# Does the MIP* = RE proof work for limited provers?

MIP* = RE shows that two arbitrarily strong entangled provers can convince a verifier of instances of the halting problem. Now assume that we have two entangled provers that are only capable of solving problems in some language $$L$$ (say a language complete for NEEXP, NEEEXP, etc.).

Question: What constraints on $$L$$ allow provers to convince a verifier of solutions to $$L$$?

The nonquantum analogy is that not only is IP = PSPACE, but IP' = PSPACE where IP' provers are only able to solve PSPACE level problems. In particular, L = PSPACE works for the MIP* question.

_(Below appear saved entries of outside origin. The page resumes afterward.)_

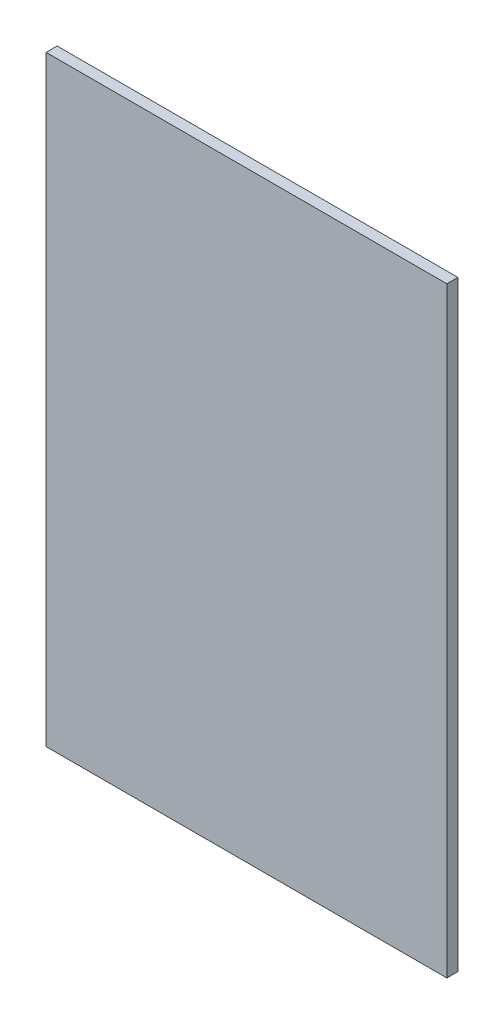
ISO-10303-21;
HEADER;
FILE_DESCRIPTION(('STEP AP214'),'2;1');
FILE_NAME('part.step','',(''),(''),'','','');
FILE_SCHEMA(('AUTOMOTIVE_DESIGN { 1 0 10303 214 1 1 1 1 }'));
ENDSEC;
DATA;
#1=APPLICATION_CONTEXT('core data for automotive mechanical design processes');
#2=APPLICATION_PROTOCOL_DEFINITION('international standard','automotive_design',2000,#1);
#3=PRODUCT_CONTEXT('',#1,'mechanical');
#4=PRODUCT('Part','Part','',(#3));
#5=PRODUCT_RELATED_PRODUCT_CATEGORY('part','',(#4));
#6=PRODUCT_DEFINITION_FORMATION('','',#4);
#7=PRODUCT_DEFINITION_CONTEXT('part definition',#1,'design');
#8=PRODUCT_DEFINITION('design','',#6,#7);
#9=PRODUCT_DEFINITION_SHAPE('','',#8);
#10=(LENGTH_UNIT() NAMED_UNIT(*) SI_UNIT(.MILLI.,.METRE.));
#11=(NAMED_UNIT(*) PLANE_ANGLE_UNIT() SI_UNIT($,.RADIAN.));
#12=(NAMED_UNIT(*) SI_UNIT($,.STERADIAN.) SOLID_ANGLE_UNIT());
#13=UNCERTAINTY_MEASURE_WITH_UNIT(LENGTH_MEASURE(1.E-05),#10,'distance_accuracy_value','');
#14=(GEOMETRIC_REPRESENTATION_CONTEXT(3) GLOBAL_UNCERTAINTY_ASSIGNED_CONTEXT((#13)) GLOBAL_UNIT_ASSIGNED_CONTEXT((#10,
#11,#12)) REPRESENTATION_CONTEXT('',''));
#15=CARTESIAN_POINT('',(0.,0.,0.));
#16=DIRECTION('',(0.,0.,1.));
#17=DIRECTION('',(1.,0.,0.));
#18=AXIS2_PLACEMENT_3D('',#15,#16,#17);
#19=CARTESIAN_POINT('',(114.832,-135.254,1.635));
#20=DIRECTION('',(0.,0.,-1.));
#21=DIRECTION('',(0.,-1.,0.));
#22=AXIS2_PLACEMENT_3D('',#19,#20,#21);
#23=PLANE('',#22);
#24=DIRECTION('',(0.,-1.,0.));
#25=VECTOR('',#24,1.);
#26=CARTESIAN_POINT('',(115.467,-134.3015,1.635));
#27=LINE('',#26,#25);
#28=CARTESIAN_POINT('',(115.467,-134.3015,1.635));
#29=VERTEX_POINT('',#28);
#30=CARTESIAN_POINT('',(115.467,-136.2065,1.635));
#31=VERTEX_POINT('',#30);
#32=EDGE_CURVE('E20',#29,#31,#27,.T.);
#33=ORIENTED_EDGE('',*,*,#32,.F.);
#34=DIRECTION('',(1.,0.,0.));
#35=VECTOR('',#34,1.);
#36=CARTESIAN_POINT('',(114.197,-134.3015,1.635));
#37=LINE('',#36,#35);
#38=CARTESIAN_POINT('',(114.197,-134.3015,1.635));
#39=VERTEX_POINT('',#38);
#40=EDGE_CURVE('E102',#39,#29,#37,.T.);
#41=ORIENTED_EDGE('',*,*,#40,.F.);
#42=DIRECTION('',(0.,1.,0.));
#43=VECTOR('',#42,1.);
#44=CARTESIAN_POINT('',(114.197,-136.2065,1.635));
#45=LINE('',#44,#43);
#46=CARTESIAN_POINT('',(114.197,-136.2065,1.635));
#47=VERTEX_POINT('',#46);
#48=EDGE_CURVE('E83',#47,#39,#45,.T.);
#49=ORIENTED_EDGE('',*,*,#48,.F.);
#50=DIRECTION('',(-1.,0.,0.));
#51=VECTOR('',#50,1.);
#52=CARTESIAN_POINT('',(115.467,-136.2065,1.635));
#53=LINE('',#52,#51);
#54=EDGE_CURVE('E87',#31,#47,#53,.T.);
#55=ORIENTED_EDGE('',*,*,#54,.F.);
#56=EDGE_LOOP('',(#33,#41,#49,#55));
#57=FACE_BOUND('',#56,.T.);
#58=ADVANCED_FACE('F17',(#57),#23,.F.);
#59=CARTESIAN_POINT('',(114.832,-135.254,1.6));
#60=DIRECTION('',(0.,0.,-1.));
#61=DIRECTION('',(0.,-1.,0.));
#62=AXIS2_PLACEMENT_3D('',#59,#60,#61);
#63=PLANE('',#62);
#64=DIRECTION('',(-1.,0.,0.));
#65=VECTOR('',#64,1.);
#66=CARTESIAN_POINT('',(115.467,-136.2065,1.6));
#67=LINE('',#66,#65);
#68=CARTESIAN_POINT('',(115.467,-136.2065,1.6));
#69=VERTEX_POINT('',#68);
#70=CARTESIAN_POINT('',(114.197,-136.2065,1.6));
#71=VERTEX_POINT('',#70);
#72=EDGE_CURVE('E71',#69,#71,#67,.T.);
#73=ORIENTED_EDGE('',*,*,#72,.T.);
#74=DIRECTION('',(0.,1.,0.));
#75=VECTOR('',#74,1.);
#76=CARTESIAN_POINT('',(114.197,-136.2065,1.6));
#77=LINE('',#76,#75);
#78=CARTESIAN_POINT('',(114.197,-134.3015,1.6));
#79=VERTEX_POINT('',#78);
#80=EDGE_CURVE('E99',#71,#79,#77,.T.);
#81=ORIENTED_EDGE('',*,*,#80,.T.);
#82=DIRECTION('',(1.,0.,0.));
#83=VECTOR('',#82,1.);
#84=CARTESIAN_POINT('',(114.197,-134.3015,1.6));
#85=LINE('',#84,#83);
#86=CARTESIAN_POINT('',(115.467,-134.3015,1.6));
#87=VERTEX_POINT('',#86);
#88=EDGE_CURVE('E73',#79,#87,#85,.T.);
#89=ORIENTED_EDGE('',*,*,#88,.T.);
#90=DIRECTION('',(0.,-1.,0.));
#91=VECTOR('',#90,1.);
#92=CARTESIAN_POINT('',(115.467,-134.3015,1.6));
#93=LINE('',#92,#91);
#94=EDGE_CURVE('E11',#87,#69,#93,.T.);
#95=ORIENTED_EDGE('',*,*,#94,.T.);
#96=EDGE_LOOP('',(#73,#81,#89,#95));
#97=FACE_BOUND('',#96,.T.);
#98=ADVANCED_FACE('F69',(#97),#63,.T.);
#99=CARTESIAN_POINT('',(115.467,-134.3015,1.6));
#100=DIRECTION('',(1.,0.,0.));
#101=DIRECTION('',(0.,1.,0.));
#102=AXIS2_PLACEMENT_3D('',#99,#100,#101);
#103=PLANE('',#102);
#104=DIRECTION('',(0.,0.,1.));
#105=VECTOR('',#104,1.);
#106=CARTESIAN_POINT('',(115.467,-134.3015,1.6));
#107=LINE('',#106,#105);
#108=EDGE_CURVE('E109',#87,#29,#107,.T.);
#109=ORIENTED_EDGE('',*,*,#108,.T.);
#110=ORIENTED_EDGE('',*,*,#32,.T.);
#111=DIRECTION('',(0.,0.,1.));
#112=VECTOR('',#111,1.);
#113=CARTESIAN_POINT('',(115.467,-136.2065,1.6));
#114=LINE('',#113,#112);
#115=EDGE_CURVE('E79',#69,#31,#114,.T.);
#116=ORIENTED_EDGE('',*,*,#115,.F.);
#117=ORIENTED_EDGE('',*,*,#94,.F.);
#118=EDGE_LOOP('',(#109,#110,#116,#117));
#119=FACE_BOUND('',#118,.T.);
#120=ADVANCED_FACE('F85',(#119),#103,.T.);
#121=CARTESIAN_POINT('',(114.197,-134.3015,1.6));
#122=DIRECTION('',(0.,1.,0.));
#123=DIRECTION('',(1.,0.,0.));
#124=AXIS2_PLACEMENT_3D('',#121,#122,#123);
#125=PLANE('',#124);
#126=DIRECTION('',(0.,0.,1.));
#127=VECTOR('',#126,1.);
#128=CARTESIAN_POINT('',(114.197,-134.3015,1.6));
#129=LINE('',#128,#127);
#130=EDGE_CURVE('E95',#79,#39,#129,.T.);
#131=ORIENTED_EDGE('',*,*,#130,.T.);
#132=ORIENTED_EDGE('',*,*,#40,.T.);
#133=ORIENTED_EDGE('',*,*,#108,.F.);
#134=ORIENTED_EDGE('',*,*,#88,.F.);
#135=EDGE_LOOP('',(#131,#132,#133,#134));
#136=FACE_BOUND('',#135,.T.);
#137=ADVANCED_FACE('F140',(#136),#125,.T.);
#138=CARTESIAN_POINT('',(114.197,-136.2065,1.6));
#139=DIRECTION('',(-1.,0.,0.));
#140=DIRECTION('',(0.,0.,1.));
#141=AXIS2_PLACEMENT_3D('',#138,#139,#140);
#142=PLANE('',#141);
#143=DIRECTION('',(0.,0.,1.));
#144=VECTOR('',#143,1.);
#145=CARTESIAN_POINT('',(114.197,-136.2065,1.6));
#146=LINE('',#145,#144);
#147=EDGE_CURVE('E81',#71,#47,#146,.T.);
#148=ORIENTED_EDGE('',*,*,#147,.T.);
#149=ORIENTED_EDGE('',*,*,#48,.T.);
#150=ORIENTED_EDGE('',*,*,#130,.F.);
#151=ORIENTED_EDGE('',*,*,#80,.F.);
#152=EDGE_LOOP('',(#148,#149,#150,#151));
#153=FACE_BOUND('',#152,.T.);
#154=ADVANCED_FACE('F130',(#153),#142,.T.);
#155=CARTESIAN_POINT('',(115.467,-136.2065,1.6));
#156=DIRECTION('',(0.,-1.,0.));
#157=DIRECTION('',(0.,0.,-1.));
#158=AXIS2_PLACEMENT_3D('',#155,#156,#157);
#159=PLANE('',#158);
#160=ORIENTED_EDGE('',*,*,#115,.T.);
#161=ORIENTED_EDGE('',*,*,#54,.T.);
#162=ORIENTED_EDGE('',*,*,#147,.F.);
#163=ORIENTED_EDGE('',*,*,#72,.F.);
#164=EDGE_LOOP('',(#160,#161,#162,#163));
#165=FACE_BOUND('',#164,.T.);
#166=ADVANCED_FACE('F77',(#165),#159,.T.);
#167=CLOSED_SHELL('',(#58,#98,#120,#137,#154,#166));
#168=MANIFOLD_SOLID_BREP('B1',#167);
#169=ADVANCED_BREP_SHAPE_REPRESENTATION('',(#18,#168),#14);
#170=SHAPE_DEFINITION_REPRESENTATION(#9,#169);
ENDSEC;
END-ISO-10303-21;
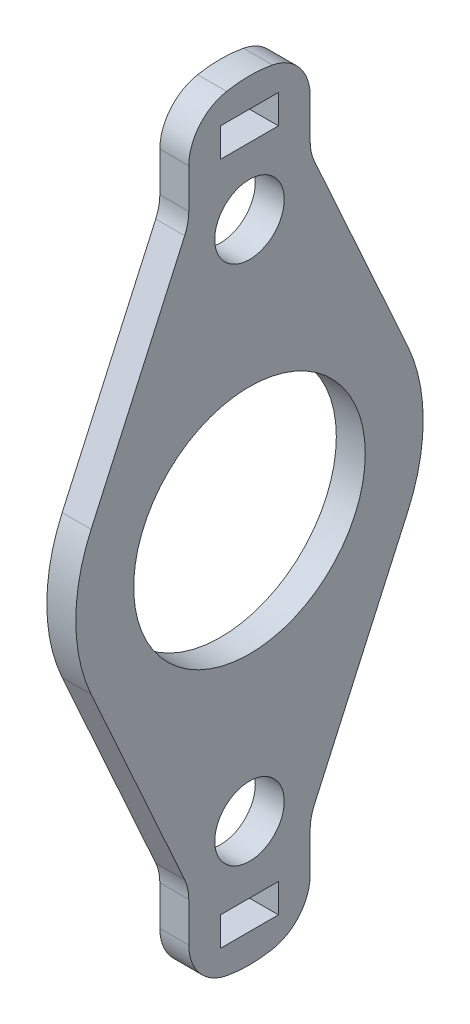
ISO-10303-21;
HEADER;
FILE_DESCRIPTION(('STEP AP214'),'2;1');
FILE_NAME('part.step','',(''),(''),'','','');
FILE_SCHEMA(('AUTOMOTIVE_DESIGN { 1 0 10303 214 1 1 1 1 }'));
ENDSEC;
DATA;
#1=APPLICATION_CONTEXT('core data for automotive mechanical design processes');
#2=APPLICATION_PROTOCOL_DEFINITION('international standard','automotive_design',2000,#1);
#3=PRODUCT_CONTEXT('',#1,'mechanical');
#4=PRODUCT('Part','Part','',(#3));
#5=PRODUCT_RELATED_PRODUCT_CATEGORY('part','',(#4));
#6=PRODUCT_DEFINITION_FORMATION('','',#4);
#7=PRODUCT_DEFINITION_CONTEXT('part definition',#1,'design');
#8=PRODUCT_DEFINITION('design','',#6,#7);
#9=PRODUCT_DEFINITION_SHAPE('','',#8);
#10=(LENGTH_UNIT() NAMED_UNIT(*) SI_UNIT(.MILLI.,.METRE.));
#11=(NAMED_UNIT(*) PLANE_ANGLE_UNIT() SI_UNIT($,.RADIAN.));
#12=(NAMED_UNIT(*) SI_UNIT($,.STERADIAN.) SOLID_ANGLE_UNIT());
#13=UNCERTAINTY_MEASURE_WITH_UNIT(LENGTH_MEASURE(1.E-05),#10,'distance_accuracy_value','');
#14=(GEOMETRIC_REPRESENTATION_CONTEXT(3) GLOBAL_UNCERTAINTY_ASSIGNED_CONTEXT((#13)) GLOBAL_UNIT_ASSIGNED_CONTEXT((#10,
#11,#12)) REPRESENTATION_CONTEXT('',''));
#15=CARTESIAN_POINT('',(0.,0.,0.));
#16=DIRECTION('',(0.,0.,1.));
#17=DIRECTION('',(1.,0.,0.));
#18=AXIS2_PLACEMENT_3D('',#15,#16,#17);
#19=CARTESIAN_POINT('',(2.5,0.,0.));
#20=DIRECTION('',(1.,0.,0.));
#21=DIRECTION('',(0.,0.,-1.));
#22=AXIS2_PLACEMENT_3D('',#19,#20,#21);
#23=PLANE('',#22);
#24=DIRECTION('',(0.,0.,1.));
#25=VECTOR('',#24,1.);
#26=CARTESIAN_POINT('',(2.5,61.5,-5.00000000000002));
#27=LINE('',#26,#25);
#28=CARTESIAN_POINT('',(2.5,61.5,-5.00000000000002));
#29=VERTEX_POINT('',#28);
#30=CARTESIAN_POINT('',(2.5,61.5,4.99999999999998));
#31=VERTEX_POINT('',#30);
#32=EDGE_CURVE('E234',#29,#31,#27,.T.);
#33=ORIENTED_EDGE('',*,*,#32,.F.);
#34=DIRECTION('',(0.,1.,0.));
#35=VECTOR('',#34,1.);
#36=CARTESIAN_POINT('',(2.5,61.5,-5.00000000000002));
#37=LINE('',#36,#35);
#38=CARTESIAN_POINT('',(2.5,56.5,-5.00000000000002));
#39=VERTEX_POINT('',#38);
#40=EDGE_CURVE('E226',#39,#29,#37,.T.);
#41=ORIENTED_EDGE('',*,*,#40,.F.);
#42=DIRECTION('',(0.,0.,-1.));
#43=VECTOR('',#42,1.);
#44=CARTESIAN_POINT('',(2.5,56.5,-5.00000000000002));
#45=LINE('',#44,#43);
#46=CARTESIAN_POINT('',(2.5,56.5,4.99999999999998));
#47=VERTEX_POINT('',#46);
#48=EDGE_CURVE('E249',#47,#39,#45,.T.);
#49=ORIENTED_EDGE('',*,*,#48,.F.);
#50=DIRECTION('',(0.,-1.,0.));
#51=VECTOR('',#50,1.);
#52=CARTESIAN_POINT('',(2.5,61.5,4.99999999999998));
#53=LINE('',#52,#51);
#54=EDGE_CURVE('E247',#31,#47,#53,.T.);
#55=ORIENTED_EDGE('',*,*,#54,.F.);
#56=EDGE_LOOP('',(#33,#41,#49,#55));
#57=FACE_BOUND('',#56,.T.);
#58=DIRECTION('',(0.,0.,1.));
#59=VECTOR('',#58,1.);
#60=CARTESIAN_POINT('',(2.5,-56.5,-5.00000000000002));
#61=LINE('',#60,#59);
#62=CARTESIAN_POINT('',(2.5,-56.5,-5.00000000000002));
#63=VERTEX_POINT('',#62);
#64=CARTESIAN_POINT('',(2.5,-56.5,4.99999999999998));
#65=VERTEX_POINT('',#64);
#66=EDGE_CURVE('E267',#63,#65,#61,.T.);
#67=ORIENTED_EDGE('',*,*,#66,.F.);
#68=DIRECTION('',(0.,1.,0.));
#69=VECTOR('',#68,1.);
#70=CARTESIAN_POINT('',(2.5,-61.5,-5.00000000000002));
#71=LINE('',#70,#69);
#72=CARTESIAN_POINT('',(2.5,-61.5,-5.00000000000002));
#73=VERTEX_POINT('',#72);
#74=EDGE_CURVE('E265',#73,#63,#71,.T.);
#75=ORIENTED_EDGE('',*,*,#74,.F.);
#76=DIRECTION('',(0.,0.,-1.));
#77=VECTOR('',#76,1.);
#78=CARTESIAN_POINT('',(2.5,-61.5,-5.00000000000002));
#79=LINE('',#78,#77);
#80=CARTESIAN_POINT('',(2.5,-61.5,4.99999999999998));
#81=VERTEX_POINT('',#80);
#82=EDGE_CURVE('E273',#81,#73,#79,.T.);
#83=ORIENTED_EDGE('',*,*,#82,.F.);
#84=DIRECTION('',(0.,-1.,0.));
#85=VECTOR('',#84,1.);
#86=CARTESIAN_POINT('',(2.5,-61.5,4.99999999999998));
#87=LINE('',#86,#85);
#88=EDGE_CURVE('E270',#65,#81,#87,.T.);
#89=ORIENTED_EDGE('',*,*,#88,.F.);
#90=EDGE_LOOP('',(#67,#75,#83,#89));
#91=FACE_BOUND('',#90,.T.);
#92=CARTESIAN_POINT('',(2.5,45.,0.));
#93=DIRECTION('',(1.,0.,0.));
#94=DIRECTION('',(0.,0.,-1.));
#95=AXIS2_PLACEMENT_3D('',#92,#93,#94);
#96=CIRCLE('',#95,6.);
#97=CARTESIAN_POINT('',(2.5,45.,-6.));
#98=VERTEX_POINT('',#97);
#99=EDGE_CURVE('E296',#98,#98,#96,.T.);
#100=ORIENTED_EDGE('',*,*,#99,.F.);
#101=EDGE_LOOP('',(#100));
#102=FACE_BOUND('',#101,.T.);
#103=CARTESIAN_POINT('',(2.5,0.,0.));
#104=DIRECTION('',(1.,0.,0.));
#105=DIRECTION('',(0.,0.,-1.));
#106=AXIS2_PLACEMENT_3D('',#103,#104,#105);
#107=CIRCLE('',#106,30.);
#108=CARTESIAN_POINT('',(2.5,12.3333333333333,27.3475572746249));
#109=VERTEX_POINT('',#108);
#110=CARTESIAN_POINT('',(2.5,-12.3333333333333,27.3475572746249));
#111=VERTEX_POINT('',#110);
#112=EDGE_CURVE('E308',#109,#111,#107,.T.);
#113=ORIENTED_EDGE('',*,*,#112,.T.);
#114=DIRECTION('',(0.,-0.911585242487497,-0.411111111111111));
#115=VECTOR('',#114,1.);
#116=CARTESIAN_POINT('',(2.5,-48.1593922783214,11.1905483487062));
#117=LINE('',#116,#115);
#118=CARTESIAN_POINT('',(2.5,-48.1593922783214,11.1905483487062));
#119=VERTEX_POINT('',#118);
#120=EDGE_CURVE('E311',#111,#119,#117,.T.);
#121=ORIENTED_EDGE('',*,*,#120,.T.);
#122=CARTESIAN_POINT('',(2.5,-51.4482811672103,18.4832302886062));
#123=DIRECTION('',(-1.,0.,0.));
#124=DIRECTION('',(0.,0.,1.));
#125=AXIS2_PLACEMENT_3D('',#122,#123,#124);
#126=CIRCLE('',#125,8.);
#127=CARTESIAN_POINT('',(2.5,-51.4482811672103,10.4832302886062));
#128=VERTEX_POINT('',#127);
#129=EDGE_CURVE('E314',#119,#128,#126,.T.);
#130=ORIENTED_EDGE('',*,*,#129,.T.);
#131=DIRECTION('',(0.,-1.,0.));
#132=VECTOR('',#131,1.);
#133=CARTESIAN_POINT('',(2.5,-51.4482811672103,10.4832302886062));
#134=LINE('',#133,#132);
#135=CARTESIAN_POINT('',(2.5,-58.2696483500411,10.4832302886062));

Moreover, provers that are limited to any level of the polynomial hierarchy $$\Sigma_k \textrm{P}$$ can establish $$\Sigma_k \textrm{P} \subset \textrm{PSPACE}$$. (Unfortunately, looks like this doesn't work lower in the polynomial hierarchy.)

(I'm blurring over some definitional subtlety here about function problems vs. decision problems; in the above one probably needs the provers to be able to solve $$\textrm{FP}^L$$ rather than just L.)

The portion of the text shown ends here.